HALIFAX, NOVA SCOTIA
Halifax Travel Blog› entry 2 of 2 › view all entries
September 22nd, 2006 – by: mellemel8
Halifax is fairly compact and easily reconnoitered on foot or by mass transportation. The major landmark is the Citadel — the stone fortress that looms over downtown from its grassy perch. From the ramparts, you can look into the windows of the tenth floor of downtown skyscrapers. The Citadel is only 9 blocks from the waterfront — albeit 9 sometimes steep blocks — and you can easily see both the downtown and the waterfront areas in one day.
A lively neighborhood worth seeking out runs along Spring Garden Road, between the Public Gardens and the library (at Grafton St.). You'll find intriguing boutiques, bars, and restaurants along these 6 blocks, set amid a mildly Bohemian street scene.
Halifax's rehabilitated waterfront is at its most inviting and vibrant between Sackville Landing (at the foot of Sackville St.) and the Sheraton Casino, near Purdy Wharf. (You could keep walking, but north of here the waterfront lapses into an agglomeration of charmless modern towers with sidewalk-level vents that assail passersby with unusual odors.) On sunny summer afternoons, the waterfront is bustling with tourists enjoying the harbor, business folks playing hooky while sneaking an ice-cream cone, and baggy-panted skateboarders striving to stay out of trouble.
The world was stunned in 1912 by the loss of the liner Titanic on her maiden voyage. Halifax, Nova Scotia, located on the eastern coast of Canada, has one of the most moving and intimate connections with the Titanic disaster, playing a key role during the tragedy's aftermath and becoming the final resting place of many of her unclaimed victims.
Three Halifax ships were involved in the grim task of recovering victims - many of whom were laid to rest in three of our city's cemeteries. Rows of black granite headstones, each inscribed with the same date, April 15, 1912, are a stark reminder of the disaster.
Titanic artifacts at the Maritime Museum of the Atlantic are a touching reminder of the ship's lost luxury, her violent end and the special role our port played as the enormity of the disaster unfolded.

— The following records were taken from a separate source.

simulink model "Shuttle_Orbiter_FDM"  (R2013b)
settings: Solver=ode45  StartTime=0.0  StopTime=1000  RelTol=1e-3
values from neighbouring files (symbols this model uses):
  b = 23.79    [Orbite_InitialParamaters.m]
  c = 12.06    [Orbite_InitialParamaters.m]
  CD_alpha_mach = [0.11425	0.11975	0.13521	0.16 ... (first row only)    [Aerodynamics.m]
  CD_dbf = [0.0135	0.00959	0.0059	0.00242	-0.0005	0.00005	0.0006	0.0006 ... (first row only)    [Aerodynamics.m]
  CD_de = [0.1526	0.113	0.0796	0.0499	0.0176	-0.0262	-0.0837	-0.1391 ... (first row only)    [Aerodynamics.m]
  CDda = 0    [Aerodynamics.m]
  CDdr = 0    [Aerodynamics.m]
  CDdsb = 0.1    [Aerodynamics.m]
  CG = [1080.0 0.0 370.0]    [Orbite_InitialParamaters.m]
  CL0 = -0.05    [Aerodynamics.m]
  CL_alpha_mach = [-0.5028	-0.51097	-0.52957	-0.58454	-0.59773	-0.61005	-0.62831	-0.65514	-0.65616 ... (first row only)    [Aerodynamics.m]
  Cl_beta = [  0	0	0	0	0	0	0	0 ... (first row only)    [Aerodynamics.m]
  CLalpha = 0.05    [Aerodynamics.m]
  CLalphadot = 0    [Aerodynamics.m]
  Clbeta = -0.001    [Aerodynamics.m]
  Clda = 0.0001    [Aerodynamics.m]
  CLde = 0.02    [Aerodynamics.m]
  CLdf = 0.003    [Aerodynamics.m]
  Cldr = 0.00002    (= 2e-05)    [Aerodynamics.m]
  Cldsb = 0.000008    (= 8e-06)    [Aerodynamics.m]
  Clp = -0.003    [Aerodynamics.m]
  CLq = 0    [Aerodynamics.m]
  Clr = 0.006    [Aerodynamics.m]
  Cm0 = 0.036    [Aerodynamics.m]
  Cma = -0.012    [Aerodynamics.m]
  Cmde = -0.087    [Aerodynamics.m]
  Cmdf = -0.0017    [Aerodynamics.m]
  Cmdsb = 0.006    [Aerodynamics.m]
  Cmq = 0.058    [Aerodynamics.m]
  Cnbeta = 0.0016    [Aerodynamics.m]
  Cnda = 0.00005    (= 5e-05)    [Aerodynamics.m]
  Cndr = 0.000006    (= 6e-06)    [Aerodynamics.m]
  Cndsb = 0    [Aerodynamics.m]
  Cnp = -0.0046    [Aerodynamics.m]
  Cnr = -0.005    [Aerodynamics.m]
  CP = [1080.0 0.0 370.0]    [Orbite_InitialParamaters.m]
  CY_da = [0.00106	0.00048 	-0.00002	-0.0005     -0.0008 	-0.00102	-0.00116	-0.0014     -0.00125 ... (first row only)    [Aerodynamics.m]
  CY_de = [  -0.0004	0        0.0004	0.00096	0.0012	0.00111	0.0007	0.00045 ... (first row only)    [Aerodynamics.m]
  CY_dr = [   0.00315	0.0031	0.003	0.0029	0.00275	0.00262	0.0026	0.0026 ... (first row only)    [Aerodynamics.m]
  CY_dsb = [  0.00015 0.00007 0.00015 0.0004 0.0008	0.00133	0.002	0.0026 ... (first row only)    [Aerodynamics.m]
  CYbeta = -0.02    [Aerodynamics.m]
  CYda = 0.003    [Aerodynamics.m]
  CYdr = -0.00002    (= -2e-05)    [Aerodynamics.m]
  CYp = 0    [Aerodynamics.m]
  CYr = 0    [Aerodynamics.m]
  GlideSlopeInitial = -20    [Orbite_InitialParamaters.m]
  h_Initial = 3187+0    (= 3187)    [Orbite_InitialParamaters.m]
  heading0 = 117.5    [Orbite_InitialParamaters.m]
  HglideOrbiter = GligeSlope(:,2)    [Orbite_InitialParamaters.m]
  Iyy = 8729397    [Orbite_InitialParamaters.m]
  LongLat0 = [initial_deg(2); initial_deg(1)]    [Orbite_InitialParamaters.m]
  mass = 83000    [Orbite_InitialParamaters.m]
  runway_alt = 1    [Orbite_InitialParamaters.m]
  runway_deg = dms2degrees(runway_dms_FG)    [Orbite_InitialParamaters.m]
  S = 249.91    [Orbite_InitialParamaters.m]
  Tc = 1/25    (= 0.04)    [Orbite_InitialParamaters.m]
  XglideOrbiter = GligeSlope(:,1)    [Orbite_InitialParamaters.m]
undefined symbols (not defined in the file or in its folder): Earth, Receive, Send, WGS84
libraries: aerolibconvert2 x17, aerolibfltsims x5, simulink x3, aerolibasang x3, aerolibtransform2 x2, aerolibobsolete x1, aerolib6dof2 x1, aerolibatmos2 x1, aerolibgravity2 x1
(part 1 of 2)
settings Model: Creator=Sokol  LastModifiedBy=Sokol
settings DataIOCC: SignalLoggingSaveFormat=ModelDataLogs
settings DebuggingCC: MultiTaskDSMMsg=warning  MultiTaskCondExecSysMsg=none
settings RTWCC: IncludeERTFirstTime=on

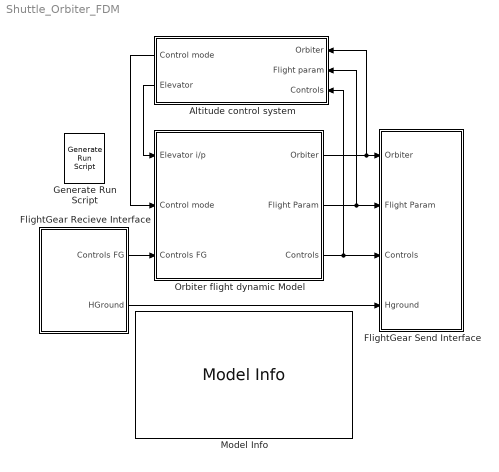
== system Shuttle_Orbiter_FDM ==
  Altitude control system : Subsystem
  FlightGear Recieve Interface : Subsystem
  FlightGear Send Interface : Subsystem
  Generate Run Script : aerolibfltsims/Generate Run Script  OutputFileName=D:\DiplomaThesis\script\runfg.bat  FlightGearBaseDirectory=C:\Program Files\FlightGear  GeometryModelName=shuttle  DestinationPort=5500  OriginAddress=127.0.0.1  OriginPort=5505  LocalAddress=127.0.0.1  AirportId=KSFO  RunwayId=10L  InitialAltitude=7224  InitialHeading=113  OffsetDistance=4.72  OffsetAzimuth=0  GenerateFile=off  Architecture=Default  dataFlow=Send-Receive
  Model Info : simulink/Model-Wide Utilities/Model Info  InitialBlockCM=None  Frame=on  DisplayStringWithTags=|  HorizontalTextAlignment=Center  LeftAlignmentValue=0.5  SourceBlockDiagram=Shuttle_Orbiter_FDM  TagMaxNumber=20
      | "Simulation Model
      | of Orbiter Flight Dynamics
      | in Langing Phase",
      | version %<ModelName>
      | Diploma Master Thesis
      | by Sokolov Alexandr
      | Politechnika Warsawska
      | June 2014,
      | %<ModifiedDate>
  Orbiter flight dynamic Model : Subsystem
      mask Display: image(imread('orbiter_pic.jpg','jpg'))
  wires:
  FlightGear Recieve Interface/2(HGround) -> FlightGear Send Interface/4(Hground)
  Orbiter flight dynamic Model/1(Orbiter) -> Altitude control system/1(Orbiter), FlightGear Send Interface/1(Orbiter)
  Orbiter flight dynamic Model/2(Flight Param) -> FlightGear Send Interface/2(Flight Param), Altitude control system/2(Flight param)
  FlightGear Recieve Interface/1(Controls FG) -> Orbiter flight dynamic Model/3(Controls FG)
  Orbiter flight dynamic Model/3(Controls) -> FlightGear Send Interface/3(Controls), Altitude control system/3(Controls)
  Altitude control system/2(Elevator) -> Orbiter flight dynamic Model/1(Elevator i/p)
  Altitude control system/1(Control mode) -> Orbiter flight dynamic Model/2(Control mode)

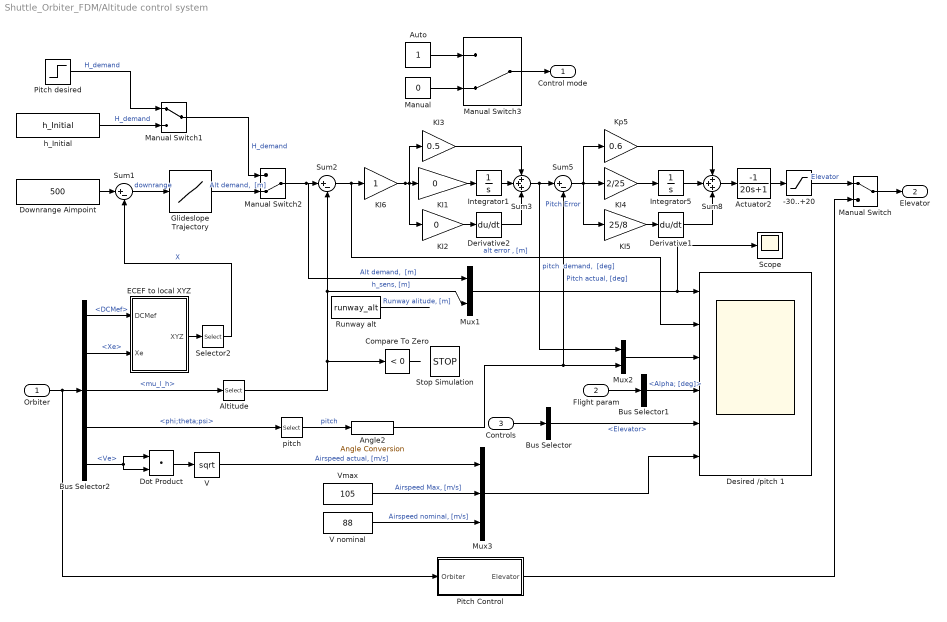
== system Shuttle_Orbiter_FDM/Altitude control system ==
  Orbiter : Inport
  Flight param : Inport  Port=2
  Controls : Inport  Port=3  SampleTime=Tc
  -30..+20 : Saturate  UpperLimit=20  LowerLimit=-35
  Actuator2 : TransferFcn  Numerator=[-1]  Denominator=[20 1]
  Altitude : Selector  InputPortWidth=3  IndexOptions=Index vector (dialog)  Indices=[3]  OutputSizes=1
  Angle2 : aerolibconvert2/Angle Conversion  IU=rad  OU=deg
  Auto : Constant
  Bus Selector : BusSelector  OutputSignals=Elevator
  Bus Selector1 : BusSelector  OutputSignals=Alpha; [deg]
  Bus Selector2 : BusSelector  OutputSignals=DCMef,Xe,mu_l_h,phi;theta;psi,Ve
  Compare To Zero : simulink/Logic and Bit Operations/Compare To Zero  relop=<  OutDataTypeStr=boolean
  Derivative1 : Derivative
  Derivative2 : Derivative
  Desired /pitch 1 : Scope  NumInputPorts=6
      settings: ShowLegends=on  YMin=1500~-40~-25~-2.5~-1~50  YMax=3250~30~15~12.5~0.75~350  SaveName=ScopeData6
  Dot Product : DotProduct  SaturateOnIntegerOverflow=on  OutDataTypeStr=Inherit: Inherit via internal rule
  Downrange Aimpoint : Constant  Value=500  OutDataTypeStr=float('double')  SampleTime=Tc
  ECEF to local XYZ : Subsystem
  Glideslope Trajectory : Lookup_n-D  NumberOfTableDimensions=1  BreakpointsForDimension1=XglideOrbiter  Table=HglideOrbiter  SaturateOnIntegerOverflow=on
  Integrator1 : Integrator
  Integrator5 : Integrator
  KI1 : Gain  Gain=0
  KI2 : Gain  Gain=0
  KI3 : Gain  Gain=0.5
  KI4 : Gain  Gain=2/25
  KI5 : Gain  Gain=25/8
  KI6 : Gain
  Kp5 : Gain  Gain=0.6
  Manual : Constant  Value=0
  Manual Switch : ManualSwitch
  Manual Switch1 : ManualSwitch
  Manual Switch2 : ManualSwitch  CurrentSetting=0
  Manual Switch3 : ManualSwitch  CurrentSetting=0
  Mux1 : Mux  Inputs=2
  Mux2 : Mux  Inputs=2
  Mux3 : Mux  Inputs=3
  Pitch Control : Subsystem
  Pitch desired : Step  Time=5  Before=h_Initial  After=h_Initial+100  SampleTime=0
  Runway alt : Constant  Value=runway_alt  OutDataTypeStr=float('double')  SampleTime=Tc
  Scope : Scope
      settings: YMin=3030  YMax=3180  SaveName=ScopeData4
  Selector2 : Selector  InputPortWidth=3  IndexOptions=Index vector (dialog)  Indices=1  OutputSizes=1
  Stop Simulation : Stop
  Sum1 : Sum  Inputs=|+-  SaturateOnIntegerOverflow=on  InputSameDT=on  OutDataTypeStr=Inherit: Same as first input
  Sum2 : Sum  Inputs=|+-  SaturateOnIntegerOverflow=on  InputSameDT=on  OutDataTypeStr=Inherit: Same as first input
  Sum3 : Sum  Inputs=+++
  Sum5 : Sum  Inputs=|+-
  Sum8 : Sum  Inputs=+++
  V : Sqrt  SaturateOnIntegerOverflow=on
  V nominal : Constant  Value=88  OutDataTypeStr=float('double')  SampleTime=Tc
  Vmax : Constant  Value=105  OutDataTypeStr=float('double')  SampleTime=Tc
  h_Initial : Constant  Value=h_Initial  OutDataTypeStr=float('double')  SampleTime=Tc
  pitch : Selector  InputPortWidth=3  IndexOptions=Index vector (dialog)  Indices=2  OutputSizes=1
  Control mode : Outport
  Elevator : Outport  Port=2
  wires:
  Bus Selector2/3 -> Altitude/1  "<mu_l_h>"
  Sum2/1 -> KI6/1, Desired /pitch 1/2  "alt error , [m]"
  Bus Selector2/4 -> pitch/1  "<phi;theta;psi>"
  pitch/1 -> Angle2/1  "pitch"
  Sum5/1 -> KI5/1, Kp5/1, KI4/1  "Pitch Error"
  Mux1/1 -> Scope/1, Desired /pitch 1/1
  Angle2/1 -> Sum5/2, Mux2/2  "Pitch actual, [deg]"
  Altitude/1 -> Compare To Zero/1, Sum2/2, Mux1/2  "h_sens, [m]"
  Bus Selector2/1 -> ECEF to local XYZ/1(DCMef)  "<DCMef>"
  Bus Selector2/2 -> ECEF to local XYZ/2(Xe)  "<Xe>"
  Downrange Aimpoint/1 -> Sum1/1
  Manual Switch2/1 -> Mux1/1, Sum2/1  "Alt demand,  [m]"
  Selector2/1 -> Sum1/2  "X"
  Sum1/1 -> Glideslope Trajectory/1  "downrange"
  -30..+20/1 -> Manual Switch/1  "Elevator"
  Bus Selector2/5 -> Dot Product/1, Dot Product/2  "<Ve>"
  Dot Product/1 -> V/1
  V/1 -> Mux3/1  "Airspeed actual, [m/s]"
  Sum8/1 -> Actuator2/1
  Orbiter/1 -> Bus Selector2/1, Pitch Control/1(Orbiter)
  Pitch Control/1(Elevator) -> Manual Switch/2
  Runway alt/1 -> ?  "Runway alitude, [m]"
  ECEF to local XYZ/1(XYZ) -> Selector2/1
  Controls/1 -> Bus Selector/1
  Bus Selector/1 -> Desired /pitch 1/5  "<Elevator>"
  Derivative1/1 -> Sum8/3
  KI5/1 -> Derivative1/1
  Integrator5/1 -> Sum8/2
  Kp5/1 -> Sum8/1
  KI4/1 -> Integrator5/1
  Compare To Zero/1 -> ?
  Flight param/1 -> Bus Selector1/1
  Bus Selector1/1 -> Desired /pitch 1/4  "<Alpha; [deg]>"
  Mux3/1 -> Desired /pitch 1/6
  Vmax/1 -> Mux3/2  "Airspeed Max, [m/s]"
  V nominal/1 -> Mux3/3  "Airspeed nominal, [m/s]"
  Manual Switch/1 -> Elevator/1
  Mux2/1 -> Desired /pitch 1/3
  Sum3/1 -> Mux2/1, Sum5/1  "pitch  demand,  [deg]"
  h_Initial/1 -> Manual Switch1/2  "H_demand"
  Pitch desired/1 -> Manual Switch1/1  "H_demand"
  Manual Switch1/1 -> Manual Switch2/1  "H_demand"
  Glideslope Trajectory/1 -> Manual Switch2/2  "Alt demand,  [m]"
  Derivative2/1 -> Sum3/3
  KI2/1 -> Derivative2/1
  Integrator1/1 -> Sum3/2
  KI3/1 -> Sum3/1
  KI1/1 -> Integrator1/1
  Actuator2/1 -> -30..+20/1
  Manual Switch3/1 -> Control mode/1
  Auto/1 -> Manual Switch3/1
  Manual/1 -> Manual Switch3/2
  KI6/1 -> KI2/1, KI3/1, KI1/1

== system Shuttle_Orbiter_FDM/FlightGear Recieve Interface ==
  note: Recieve commands from FlighGear
  note: Deflection of controls (deg):
      | Elevon: 		-35 .. +20
      | Rudder: 		+22.8
      | speed brake: 0 .. +87.2
      | body flap:  	-11.7 ... +22.5
  Bus Creator : BusCreator  Inputs=5
  Bus Creator2 : BusCreator  Inputs=5
  Bus Selector : BusSelector  OutputSignals=BodyFlap,Elevator,Aileron,Rudder,Speedbrake
  Callibration : Subsystem
  Receive net_ctrl Packet from FlightGear : aerolibfltsims/Receive net_ctrl Packet from FlightGear  FlightGearVersion=v2.10  ReceiveAddress=127.0.0.1  ReceivePort=5505  ReceiveWidth=744  varLen=off  SampleTime=1/25
      settings: AttributesFormatString=Version Selected:\n%<FlightGearVersion>
  Unpack net_ctrl Packet from FlightGear : aerolibfltsims/Unpack net_ctrl Packet from FlightGear  FlightGearVersion=v2.10  ShowControlSurfacePositionOutputs=on  ShowEngineFuelOutputs=off  ShowLandingGearOutputs=off  ShowAvionicOutputs=off  ShowEnvironmentOutputs=on  SampleTime=-1
      settings: AttributesFormatString=Version Selected: %<FlightGearVersion>
  Controls FG : Outport
  HGround : Outport  Port=2
  wires:
  Receive net_ctrl Packet from FlightGear/1 -> Unpack net_ctrl Packet from FlightGear/1
  Unpack net_ctrl Packet from FlightGear/1 -> Bus Creator/1  "Aileron"
  Unpack net_ctrl Packet from FlightGear/3 -> Bus Creator/3  "Rudder"
  Unpack net_ctrl Packet from FlightGear/7 -> Bus Creator/4  "BodyFlap"
  Unpack net_ctrl Packet from FlightGear/9 -> Bus Creator/5  "Speedbrake"
  Unpack net_ctrl Packet from FlightGear/2 -> Bus Creator/2  "Elevator"
  Bus Selector/4 -> Bus Creator2/4  "<Rudder>"
  Bus Selector/2 -> Bus Creator2/2  "<Elevator>"
  Bus Selector/3 -> Bus Creator2/3  "<Aileron>"
  Bus Selector/1 -> Bus Creator2/1  "<BodyFlap>"
  Unpack net_ctrl Packet from FlightGear/17 -> HGround/1
  Bus Selector/5 -> Bus Creator2/5  "<Speedbrake>"
  Bus Creator/1 -> Callibration/1(controns i/p)
  Bus Creator2/1 -> Controls FG/1  "AeroCon"
  Callibration/1(controls deg) -> Bus Selector/1

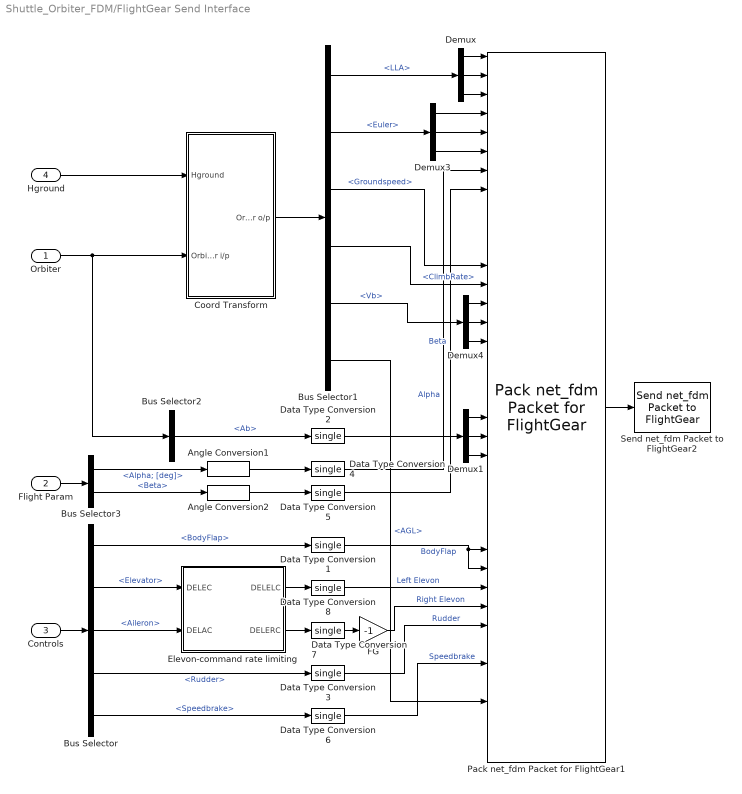
== system Shuttle_Orbiter_FDM/FlightGear Send Interface ==
  Orbiter : Inport
  Flight Param : Inport  Port=2
  Controls : Inport  Port=3
  Hground : Inport  Port=4
  Angle Conversion1 : aerolibconvert2/Angle Conversion  IU=deg  OU=rad
  Angle Conversion2 : aerolibconvert2/Angle Conversion  IU=deg  OU=rad
  Bus Selector : BusSelector  OutputSignals=BodyFlap,Elevator,Aileron,Rudder,Speedbrake
  Bus Selector1 : BusSelector  OutputSignals=LLA,Euler,Groundspeed,ClimbRate,Vb,AGL
  Bus Selector2 : BusSelector  OutputSignals=Ab
  Bus Selector3 : BusSelector  OutputSignals=Alpha; [deg],Beta
  Coord Transform : Subsystem
  Data Type Conversion{1..8} (8 alike) : DataTypeConversion  OutDataTypeStr=single
  Demux{,1,3..4} (4 alike) : Demux  Outputs=3
  Elevon-command rate limiting : Subsystem
  FG : Gain  Gain=-1
  Pack net_fdm Packet for FlightGear1 : aerolibfltsims/Pack net_fdm Packet for FlightGear  FlightGearVersion=v2.10  ShowPositionAttitudeInputs=on  ShowVelocityAccelerationInputs=on  ShowControlSurfacePositionInputs=on  ShowEngineFuelInputs=off  ShowLandingGearInputs=off  ShowEnvironmentInputs=on  SampleTime=Tc
  Send net_fdm Packet to FlightGear2 : aerolibfltsims/Send net_fdm Packet to FlightGear  DestinationIpAddress=127.0.0.1  DestinationPort=5500  LocalIpPort=-1  varLen=off  SampleTime=-1
  wires:
  Pack net_fdm Packet for FlightGear1/1 -> Send net_fdm Packet to FlightGear2/1
  Bus Selector/4 -> Data Type Conversion3/1  "<Rudder>"
  Bus Selector/1 -> Data Type Conversion1/1  "<BodyFlap>"
  Controls/1 -> Bus Selector/1
  Demux/1 -> Pack net_fdm Packet for FlightGear1/1
  Demux/2 -> Pack net_fdm Packet for FlightGear1/2
  Demux3/3 -> Pack net_fdm Packet for FlightGear1/6
  Demux3/2 -> Pack net_fdm Packet for FlightGear1/5
  Demux3/1 -> Pack net_fdm Packet for FlightGear1/4
  Orbiter/1 -> Coord Transform/2(Orbiter i/p), Bus Selector2/1
  Hground/1 -> Coord Transform/1(Hground)
  Bus Selector1/1 -> Demux/1  "<LLA>"
  Bus Selector1/2 -> Demux3/1  "<Euler>"
  Bus Selector1/3 -> Pack net_fdm Packet for FlightGear1/12  "<Groundspeed>"
  Bus Selector1/6 -> Pack net_fdm Packet for FlightGear1/35  "<AGL>"
  Bus Selector2/1 -> Data Type Conversion2/1  "<Ab>"
  Demux1/1 -> Pack net_fdm Packet for FlightGear1/20
  Demux1/2 -> Pack net_fdm Packet for FlightGear1/21
  Demux1/3 -> Pack net_fdm Packet for FlightGear1/22
  Bus Selector1/4 -> Pack net_fdm Packet for FlightGear1/13  "<ClimbRate>"
  Data Type Conversion2/1 -> Demux1/1
  Coord Transform/1(Orbiter o/p) -> Bus Selector1/1
  Demux/3 -> Pack net_fdm Packet for FlightGear1/3
  Data Type Conversion1/1 -> Pack net_fdm Packet for FlightGear1/28, Pack net_fdm Packet for FlightGear1/27  "BodyFlap"
  Data Type Conversion3/1 -> Pack net_fdm Packet for FlightGear1/31  "Rudder"
  Bus Selector/2 -> Elevon-command rate limiting/1(DELEC)  "<Elevator>"
  Bus Selector/3 -> Elevon-command rate limiting/2(DELAC)  "<Aileron>"
  Bus Selector/5 -> Data Type Conversion6/1  "<Speedbrake>"
  Data Type Conversion6/1 -> Pack net_fdm Packet for FlightGear1/33  "Speedbrake"
  Data Type Conversion7/1 -> FG/1
  Data Type Conversion8/1 -> Pack net_fdm Packet for FlightGear1/29  "Left Elevon"
  FG/1 -> Pack net_fdm Packet for FlightGear1/30  "Right Elevon"
  Elevon-command rate limiting/2(DELERC) -> Data Type Conversion7/1
  Elevon-command rate limiting/1(DELELC) -> Data Type Conversion8/1
  Flight Param/1 -> Bus Selector3/1
  Bus Selector3/1 -> Angle Conversion1/1  "<Alpha; [deg]>"
  Angle Conversion1/1 -> Data Type Conversion4/1
  Bus Selector3/2 -> Angle Conversion2/1  "<Beta>"
  Angle Conversion2/1 -> Data Type Conversion5/1
  Data Type Conversion4/1 -> Pack net_fdm Packet for FlightGear1/7  "Alpha"
  Data Type Conversion5/1 -> Pack net_fdm Packet for FlightGear1/8  "Beta"
  Demux4/1 -> Pack net_fdm Packet for FlightGear1/14
  Demux4/2 -> Pack net_fdm Packet for FlightGear1/15
  Demux4/3 -> Pack net_fdm Packet for FlightGear1/16
  Bus Selector1/5 -> Demux4/1  "<Vb>"

== system Shuttle_Orbiter_FDM/Orbiter flight dynamic Model ==
  note: Initial pos LLA (deg m)
  Elevator i/p : Inport
  Control mode : Inport  Port=2
  Controls FG : Inport  Port=3
  6DoF ECEF (Quaternion) : aerolib6dof2/6DoF ECEF (Quaternion)  units=Metric (MKS)  mtype=Fixed  xg_0="[LongLat0(2)  LongLat0(1) h_Initial]"  Vm_0=Uvw  eul_0=Euler  pm_0=pm_0  mass_0=mass  mass_e=0.5  mass_f=2.0  inertia=Inertia  inertia_e=eye(3)  inertia_f=2*eye(3)  ptype=Earth (WGS84)  F=1/298.257223563  R=6378137  w_E=7292115e-11  angle_in=Internal  LG0=0
  Aerodunamics : Subsystem
  Bus Creator2 : BusCreator  Inputs=11
  Manual / Automatic mode : Subsystem
  Total Forces & Moment : Subsystem
  Orbiter : Outport
  Flight Param : Outport  Port=2
  Controls : Outport  Port=3
  wires:
  Manual / Automatic mode/1(Controls) -> Controls/1, Aerodunamics/1(Controls)
  6DoF ECEF (Quaternion)/1 -> Bus Creator2/1  "Ve"
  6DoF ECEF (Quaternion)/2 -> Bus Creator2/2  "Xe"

These artifacts were all pulled from the water within weeks of the sinking by ships from Halifax searching for Titanic victims. The exhibit features wooden artifacts collected at the scene of the disaster, including one of the only Titanic deck chairs known to exist. Elsewhere in the city and across Nova Scotia one can experience reminders of Titanic and other courageous stories about our people and their intimate connection with the sea.